Don't talk her out of it. I need new boots!


----------



## mondeo (Aug 22, 2009)

wa-loaf said:


> Don't talk her out of it. I need new boots!


I wouldn't worry about it. I don't think TC's the type to be talked out of quiver expansion.


----------



## bvibert (Aug 22, 2009)

wa-loaf said:


> Don't talk her out of it. I need new boots!





mondeo said:


> I wouldn't worry about it. I don't think TC's the type to be talked out of quiver expansion.



Exactly!  Besides, you can never have too many bikes.


----------



## Trekchick (Aug 22, 2009)

I loaned my SS and FS to my sister and brother in law when they went camping last weekend.
(SS is about a 15 inch, while the FS is 16.5.)

They came back from the weekend and told me to look for bikes for them because they had an awesome time and can't believe that they waited sooooo long to try riding bikes.

My sister is a bit shorter than I am 5'3" ish and I'm thinking this may be a good fit for her as a beginner bike.
I'm guessing that a 15 ish is a good fit for her while my BIL would be better suited to a 18ish.

I think BIL found an affordable used bike, and SIS can borrow my SS for a while but she really needs her own bike.


For the record, my current bike quiver consists of....
Trek Fuel EX8WSD
Klein Attitude SS
Lemond Zed Road bike.


NEEENER NEENER, that's not too many!


----------



## wa-loaf (Aug 22, 2009)

I'll see if my bike shop friend can hook me up. The local shop wanted $75 for packing, $40 for the box (which is just a used box from a new bike!) and whatever for shipping.


----------



## Trekchick (Aug 22, 2009)

Thanks Jens.
I sent this link to her to see if its in her budget.  In the mean time you can check on shipping so she'll have a realistic idea on total cost.
My zip code is 49601 and its a commercial address which is usually cheaper to ship to.


----------



## o3jeff (Aug 22, 2009)

I have a bike box if you need it. I can toss it in your yard on my way to Boston.


----------



## wa-loaf (Aug 22, 2009)

o3jeff said:


> I have a bike box if you need it. I can toss it in your yard on my way to Boston.

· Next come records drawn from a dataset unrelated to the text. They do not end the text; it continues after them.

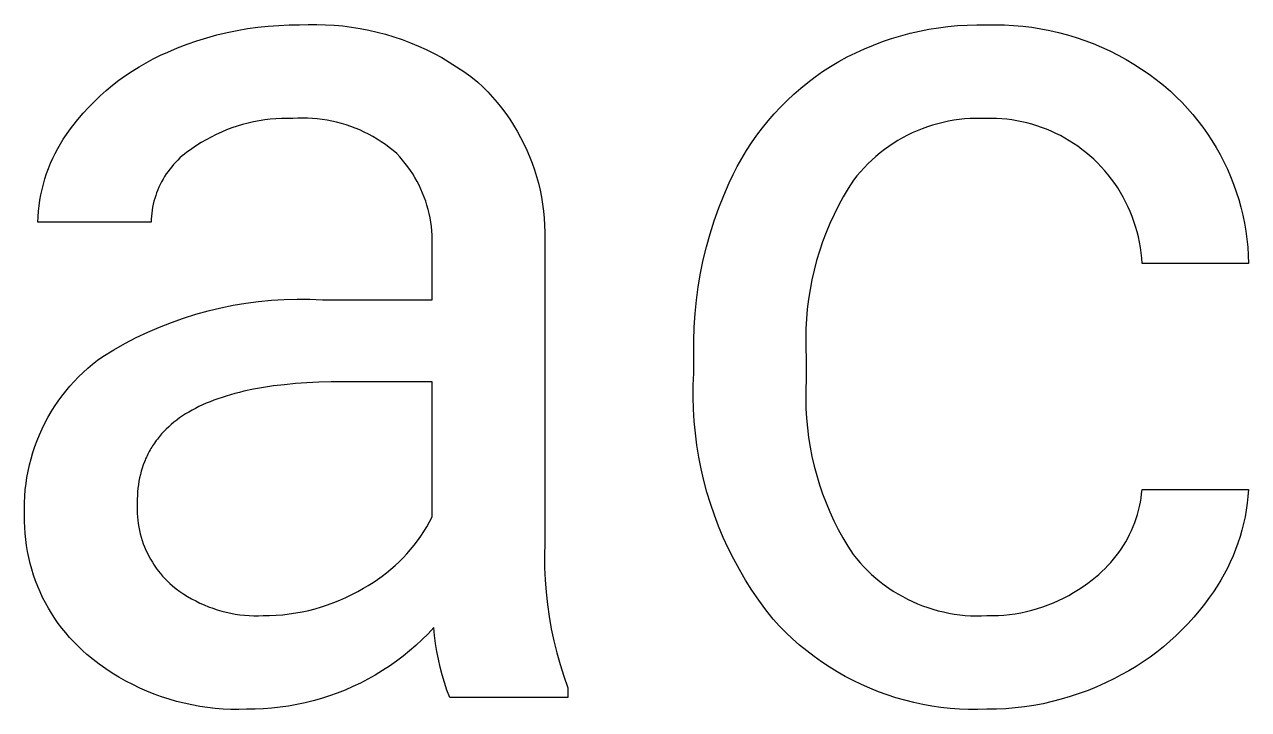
# Model space of a CAD drawing. Header units: millimetres. Extents: x 2840 to 6121, y 744 to 3036.
# Drawn here: x 6018.56 to 6050.95, y 1034.22 to 1052.34 of the extents above; entities that cross this region are included whole.
import ezdxf

# ---------------------------------------------------------------- set-up
doc = ezdxf.new("R2010")
doc.units = ezdxf.units.MM
doc.header["$MEASUREMENT"] = 0
doc.layers.add('Domyślny', color=7, linetype='Continuous', true_color=0x000000)

msp = doc.modelspace()

# ---------------------------------------------------------------- linework, layer by layer
at = {"layer": 'Domyślny'}
for p, q in [((6023.924, 1052.126), (6024.194, 1052.182)), ((6024.194, 1052.182), (6024.466, 1052.229)), ((6024.466, 1052.229), (6024.739, 1052.266)), ((6024.739, 1052.266), (6025.013, 1052.295)), ((6025.013, 1052.295), (6025.288, 1052.314)), ((6025.288, 1052.314), (6025.564, 1052.325)), ((6025.564, 1052.325), (6025.839, 1052.326)), ((6025.839, 1052.326), (6026.07, 1052.336)), ((6026.07, 1052.336), (6026.3, 1052.338)), ((6026.3, 1052.338), (6026.53, 1052.332)), ((6026.53, 1052.332), (6026.76, 1052.319)), ((6026.76, 1052.319), (6026.989, 1052.298)), ((6026.989, 1052.298), (6027.217, 1052.269)), ((6027.217, 1052.269), (6027.445, 1052.232)), ((6027.445, 1052.232), (6027.671, 1052.188)), ((6027.671, 1052.188), (6027.895, 1052.137)), ((6041.992, 1052.105), (6042.24, 1052.163)), ((6042.24, 1052.163), (6042.49, 1052.211)), ((6042.49, 1052.211), (6042.741, 1052.252)), ((6042.741, 1052.252), (6042.994, 1052.284)), ((6042.994, 1052.284), (6043.247, 1052.307)), ((6043.247, 1052.307), (6043.501, 1052.322)), ((6043.501, 1052.322), (6043.756, 1052.328)), ((6043.756, 1052.328), (6044.011, 1052.326)), ((6044.011, 1052.326), (6044.251, 1052.33)), ((6044.251, 1052.33), (6044.492, 1052.326)), ((6044.492, 1052.326), (6044.733, 1052.313)), ((6044.733, 1052.313), (6044.973, 1052.292)), ((6044.973, 1052.292), (6045.212, 1052.263)), ((6045.212, 1052.263), (6045.45, 1052.225)), ((6045.45, 1052.225), (6045.687, 1052.18)), ((6045.687, 1052.18), (6045.921, 1052.126)), ((6022.867, 1051.816), (6023.127, 1051.907)), ((6023.127, 1051.907), (6023.39, 1051.989)), ((6023.39, 1051.989), (6023.656, 1052.062)), ((6023.656, 1052.062), (6023.924, 1052.126)), ((6027.895, 1052.137), (6028.118, 1052.078)), ((6028.118, 1052.078), (6028.338, 1052.011)), ((6028.338, 1052.011), (6028.556, 1051.937)), ((6028.556, 1051.937), (6028.772, 1051.856)), ((6028.772, 1051.856), (6028.984, 1051.768)), ((6041.022, 1051.795), (6041.261, 1051.884)), ((6041.261, 1051.884), (6041.502, 1051.966)), ((6041.502, 1051.966), (6041.746, 1052.04)), ((6041.746, 1052.04), (6041.992, 1052.105)), ((6045.921, 1052.126), (6046.154, 1052.064)), ((6046.154, 1052.064), (6046.385, 1051.994)), ((6046.385, 1051.994), (6046.613, 1051.917)), ((6046.613, 1051.917), (6046.838, 1051.831)), ((6046.838, 1051.831), (6047.06, 1051.738)), ((6021.968, 1051.427), (6022.16, 1051.522)), ((6022.16, 1051.522), (6022.356, 1051.609)), ((6022.356, 1051.609), (6022.609, 1051.717)), ((6022.609, 1051.717), (6022.867, 1051.816)), ((6028.984, 1051.768), (6029.194, 1051.672)), ((6029.194, 1051.672), (6029.4, 1051.57)), ((6029.4, 1051.57), (6029.603, 1051.461)), ((6040.328, 1051.478), (6040.556, 1051.591)), ((6040.556, 1051.591), (6040.787, 1051.697)), ((6040.787, 1051.697), (6041.022, 1051.795)), ((6047.06, 1051.738), (6047.279, 1051.637)), ((6047.279, 1051.637), (6047.494, 1051.529)), ((6047.494, 1051.529), (6047.706, 1051.413)), ((6021.412, 1051.106), (6021.594, 1051.219)), ((6021.594, 1051.219), (6021.779, 1051.326)), ((6021.779, 1051.326), (6021.968, 1051.427)), ((6029.603, 1051.461), (6029.802, 1051.345)), ((6029.802, 1051.345), (6029.997, 1051.222)), ((6029.997, 1051.222), (6030.187, 1051.093)), ((6039.68, 1051.095), (6039.884, 1051.229)), ((6039.884, 1051.229), (6040.104, 1051.357)), ((6040.104, 1051.357), (6040.328, 1051.478)), ((6047.706, 1051.413), (6047.913, 1051.29)), ((6047.913, 1051.29), (6048.116, 1051.16)), ((6020.892, 1050.729), (6021.061, 1050.861)), ((6021.061, 1050.861), (6021.234, 1050.986)), ((6021.234, 1050.986), (6021.412, 1051.106)), ((6030.187, 1051.093), (6030.373, 1050.958)), ((6030.373, 1050.958), (6030.555, 1050.816)), ((6039.287, 1050.807), (6039.481, 1050.954)), ((6039.481, 1050.954), (6039.68, 1051.095)), ((6048.116, 1051.16), (6048.314, 1051.023)), ((6048.314, 1051.023), (6048.507, 1050.879)), ((6048.507, 1050.879), (6048.695, 1050.729)), ((6020.567, 1050.45), (6020.727, 1050.592)), ((6020.727, 1050.592), (6020.892, 1050.729)), ((6030.555, 1050.816), (6030.69, 1050.688)), ((6030.69, 1050.688), (6030.821, 1050.556)), ((6030.821, 1050.556), (6030.947, 1050.419)), ((6038.915, 1050.492), (6039.099, 1050.653)), ((6039.099, 1050.653), (6039.287, 1050.807)), ((6048.695, 1050.729), (6048.879, 1050.572)), ((6048.879, 1050.572), (6049.035, 1050.426)), ((6020.262, 1050.149), (6020.412, 1050.302)), ((6020.412, 1050.302), (6020.567, 1050.45)), ((6030.947, 1050.419), (6031.069, 1050.277)), ((6031.069, 1050.277), (6031.186, 1050.132)), ((6038.565, 1050.153), (6038.737, 1050.326)), ((6038.737, 1050.326), (6038.915, 1050.492)), ((6049.035, 1050.426), (6049.187, 1050.275)), ((6049.187, 1050.275), (6049.333, 1050.118)), ((6019.978, 1049.828), (6020.118, 1049.991)), ((6020.118, 1049.991), (6020.262, 1050.149)), ((6031.186, 1050.132), (6031.297, 1049.983)), ((6031.297, 1049.983), (6031.403, 1049.83)), ((6038.239, 1049.791), (6038.399, 1049.975)), ((6038.399, 1049.975), (6038.565, 1050.153)), ((6049.333, 1050.118), (6049.474, 1049.956)), ((6049.474, 1049.956), (6049.609, 1049.79)), ((6019.756, 1049.546), (6019.845, 1049.661)), ((6019.845, 1049.661), (6019.978, 1049.828)), ((6024.048, 1049.6), (6023.909, 1049.547)), ((6024.19, 1049.648), (6024.048, 1049.6)), ((6024.333, 1049.69), (6024.19, 1049.648)), ((6024.478, 1049.728), (6024.333, 1049.69)), ((6024.623, 1049.762), (6024.478, 1049.728)), ((6024.77, 1049.79), (6024.623, 1049.762)), ((6024.918, 1049.812), (6024.77, 1049.79)), ((6025.066, 1049.83), (6024.918, 1049.812)), ((6025.215, 1049.843), (6025.066, 1049.83)), ((6025.364, 1049.851), (6025.215, 1049.843)), ((6025.514, 1049.853), (6025.364, 1049.851)), ((6025.663, 1049.851), (6025.514, 1049.853)), ((6025.792, 1049.858), (6025.663, 1049.851)), ((6025.922, 1049.861), (6025.792, 1049.858)), ((6026.052, 1049.859), (6025.922, 1049.861)), ((6026.181, 1049.853), (6026.052, 1049.859)), ((6026.31, 1049.842), (6026.181, 1049.853)), ((6026.439, 1049.827), (6026.31, 1049.842)), ((6026.567, 1049.807), (6026.439, 1049.827)), ((6026.695, 1049.783), (6026.567, 1049.807)), ((6026.821, 1049.754), (6026.695, 1049.783)), ((6026.947, 1049.722), (6026.821, 1049.754)), ((6027.071, 1049.684), (6026.947, 1049.722)), ((6027.194, 1049.643), (6027.071, 1049.684)), ((6027.315, 1049.597), (6027.194, 1049.643)), ((6027.435, 1049.547), (6027.315, 1049.597)), ((6031.403, 1049.83), (6031.505, 1049.673)), ((6031.505, 1049.673), (6031.6, 1049.513)), ((6037.939, 1049.408), (6038.086, 1049.602)), ((6038.086, 1049.602), (6038.239, 1049.791)), ((6042.317, 1049.581), (6042.184, 1049.527)), ((6042.453, 1049.63), (6042.317, 1049.581)), ((6042.589, 1049.674), (6042.453, 1049.63)), ((6042.728, 1049.714), (6042.589, 1049.674)), ((6042.867, 1049.749), (6042.728, 1049.714)), ((6043.008, 1049.779), (6042.867, 1049.749)), ((6043.15, 1049.804), (6043.008, 1049.779)), ((6043.292, 1049.824), (6043.15, 1049.804)), ((6043.435, 1049.839), (6043.292, 1049.824)), ((6043.579, 1049.849), (6043.435, 1049.839)), ((6043.723, 1049.855), (6043.579, 1049.849)), ((6043.867, 1049.855), (6043.723, 1049.855)), ((6044.011, 1049.851), (6043.867, 1049.855)), ((6044.146, 1049.852), (6044.011, 1049.851)), ((6044.282, 1049.849), (6044.146, 1049.852)), ((6044.417, 1049.841), (6044.282, 1049.849)), ((6044.552, 1049.829), (6044.417, 1049.841)), ((6044.686, 1049.812), (6044.552, 1049.829)), ((6044.82, 1049.79), (6044.686, 1049.812)), ((6044.953, 1049.764), (6044.82, 1049.79)), ((6045.085, 1049.734), (6044.953, 1049.764)), ((6045.216, 1049.699), (6045.085, 1049.734)), ((6045.346, 1049.659), (6045.216, 1049.699)), ((6045.474, 1049.615), (6045.346, 1049.659)), ((6045.601, 1049.567), (6045.474, 1049.615)), ((6045.726, 1049.515), (6045.601, 1049.567)), ((6049.609, 1049.79), (6049.739, 1049.619)), ((6049.739, 1049.619), (6049.862, 1049.444)), ((6019.513, 1049.183), (6019.59, 1049.307)), ((6019.59, 1049.307), (6019.671, 1049.428)), ((6019.671, 1049.428), (6019.756, 1049.546)), ((6023.37, 1049.289), (6023.241, 1049.214)), ((6023.501, 1049.361), (6023.37, 1049.289)), ((6023.635, 1049.428), (6023.501, 1049.361)), ((6023.771, 1049.49), (6023.635, 1049.428)), ((6023.909, 1049.547), (6023.771, 1049.49)), ((6027.552, 1049.493), (6027.435, 1049.547)), ((6027.668, 1049.435), (6027.552, 1049.493)), ((6027.782, 1049.373), (6027.668, 1049.435)), ((6027.894, 1049.307), (6027.782, 1049.373)), ((6028.003, 1049.238), (6027.894, 1049.307)), ((6031.6, 1049.513), (6031.69, 1049.35)), ((6031.69, 1049.35), (6031.775, 1049.184)), ((6037.799, 1049.209), (6037.939, 1049.408)), ((6041.671, 1049.267), (6041.548, 1049.192)), ((6041.795, 1049.339), (6041.671, 1049.267)), ((6041.923, 1049.406), (6041.795, 1049.339)), ((6042.052, 1049.469), (6041.923, 1049.406)), ((6042.184, 1049.527), (6042.052, 1049.469)), ((6045.849, 1049.458), (6045.726, 1049.515)), ((6045.97, 1049.398), (6045.849, 1049.458)), ((6046.089, 1049.333), (6045.97, 1049.398)), ((6046.206, 1049.264), (6046.089, 1049.333)), ((6046.32, 1049.192), (6046.206, 1049.264)), ((6049.862, 1049.444), (6049.98, 1049.265)), ((6049.98, 1049.265), (6050.091, 1049.082)), ((6019.309, 1048.798), (6019.373, 1048.929)), ((6019.373, 1048.929), (6019.441, 1049.057)), ((6019.441, 1049.057), (6019.513, 1049.183)), ((6022.861, 1048.958), (6022.798, 1048.909)), ((6022.925, 1049.005), (6022.861, 1048.958)), ((6022.991, 1049.049), (6022.925, 1049.005)), ((6023.115, 1049.134), (6022.991, 1049.049)), ((6023.241, 1049.214), (6023.115, 1049.134)), ((6028.11, 1049.164), (6028.003, 1049.238)), ((6028.214, 1049.087), (6028.11, 1049.164)), ((6028.316, 1049.006), (6028.214, 1049.087)), ((6028.414, 1048.922), (6028.316, 1049.006)), ((6028.492, 1048.839), (6028.414, 1048.922)), ((6031.775, 1049.184), (6031.854, 1049.015)), ((6031.854, 1049.015), (6031.927, 1048.844)), ((6037.539, 1048.796), (6037.665, 1049.005)), ((6037.665, 1049.005), (6037.799, 1049.209)), ((6041.198, 1048.94), (6041.087, 1048.848)), ((6041.312, 1049.028), (6041.198, 1048.94)), ((6041.429, 1049.112), (6041.312, 1049.028)), ((6041.548, 1049.192), (6041.429, 1049.112)), ((6046.432, 1049.115), (6046.32, 1049.192)), ((6046.541, 1049.035), (6046.432, 1049.115)), ((6046.647, 1048.951), (6046.541, 1049.035)), ((6046.751, 1048.863), (6046.647, 1048.951)), ((6050.091, 1049.082), (6050.196, 1048.895)), ((6019.196, 1048.53), (6019.25, 1048.665)), ((6019.25, 1048.665), (6019.309, 1048.798)), ((6022.509, 1048.635), (6022.457, 1048.575)), ((6022.563, 1048.694), (6022.509, 1048.635)), ((6022.619, 1048.751), (6022.563, 1048.694)), ((6022.677, 1048.806), (6022.619, 1048.751)), ((6022.736, 1048.859), (6022.677, 1048.806)), ((6022.798, 1048.909), (6022.736, 1048.859)), ((6028.567, 1048.752), (6028.492, 1048.839)), ((6028.638, 1048.664), (6028.567, 1048.752)), ((6028.707, 1048.573), (6028.638, 1048.664)), ((6031.927, 1048.844), (6031.994, 1048.67)), ((6031.994, 1048.67), (6032.055, 1048.494)), ((6037.42, 1048.584), (6037.539, 1048.796)), ((6040.876, 1048.653), (6040.775, 1048.55)), ((6040.98, 1048.752), (6040.876, 1048.653)), ((6041.087, 1048.848), (6040.98, 1048.752)), ((6046.851, 1048.772), (6046.751, 1048.863)), ((6046.953, 1048.674), (6046.851, 1048.772)), ((6047.051, 1048.572), (6046.953, 1048.674)), ((6050.196, 1048.895), (6050.295, 1048.704)), ((6050.295, 1048.704), (6050.387, 1048.511)), ((6019.102, 1048.255), (6019.147, 1048.393)), ((6019.147, 1048.393), (6019.196, 1048.53)), ((6022.271, 1048.317), (6022.23, 1048.248)), ((6022.314, 1048.384), (6022.271, 1048.317)), ((6022.36, 1048.449), (6022.314, 1048.384)), ((6022.407, 1048.513), (6022.36, 1048.449)), ((6022.457, 1048.575), (6022.407, 1048.513)), ((6028.773, 1048.479), (6028.707, 1048.573)), ((6028.835, 1048.384), (6028.773, 1048.479)), ((6028.894, 1048.286), (6028.835, 1048.384)), ((6028.95, 1048.187), (6028.894, 1048.286)), ((6032.055, 1048.494), (6032.11, 1048.316)), ((6032.11, 1048.316), (6032.159, 1048.136)), ((6037.204, 1048.147), (6037.308, 1048.368)), ((6037.308, 1048.368), (6037.42, 1048.584)), ((6040.585, 1048.334), (6040.495, 1048.221)), ((6040.678, 1048.443), (6040.585, 1048.334)), ((6040.775, 1048.55), (6040.678, 1048.443)), ((6047.145, 1048.467), (6047.051, 1048.572)), ((6047.236, 1048.358), (6047.145, 1048.467)), ((6047.323, 1048.247), (6047.236, 1048.358)), ((6050.387, 1048.511), (6050.472, 1048.314)), ((6050.472, 1048.314), (6050.551, 1048.115)), ((6018.996, 1047.831), (6019.027, 1047.974)), ((6019.027, 1047.974), (6019.062, 1048.115)), ((6019.062, 1048.115), (6019.102, 1048.255)), ((6022.089, 1047.963), (6022.06, 1047.888)), ((6022.121, 1048.036), (6022.089, 1047.963)), ((6022.155, 1048.108), (6022.121, 1048.036)), ((6022.191, 1048.179), (6022.155, 1048.108)), ((6022.23, 1048.248), (6022.191, 1048.179)), ((6029.002, 1048.085), (6028.95, 1048.187)), ((6029.051, 1047.982), (6029.002, 1048.085)), ((6029.097, 1047.877), (6029.051, 1047.982)), ((6032.159, 1048.136), (6032.202, 1047.955)), ((6032.202, 1047.955), (6032.239, 1047.772)), ((6037.061, 1047.818), (6037.204, 1048.147)), ((6040.355, 1048.001), (6040.223, 1047.776)), ((6040.495, 1048.221), (6040.355, 1048.001)), ((6047.406, 1048.132), (6047.323, 1048.247)), ((6047.485, 1048.015), (6047.406, 1048.132)), ((6047.56, 1047.895), (6047.485, 1048.015)), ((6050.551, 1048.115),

Thanks, I'm going to see if my friend can get it boxed and shipped from her shop for cheap first.


----------



## severine (Aug 22, 2009)

o3jeff said:


> I have a bike box if you need it. I can toss it in your yard on my way to Boston.



Great service! :lol:


----------



## o3jeff (Aug 22, 2009)

severine said:


> Great service! :lol:



I need to go up anyways to put his Skiing magazine back in his mailbox since I am done with it.


----------



## wa-loaf (Aug 22, 2009)

o3jeff said:


> I need to go up anyways to put his Skiing magazine back in his mailbox since I am done with it.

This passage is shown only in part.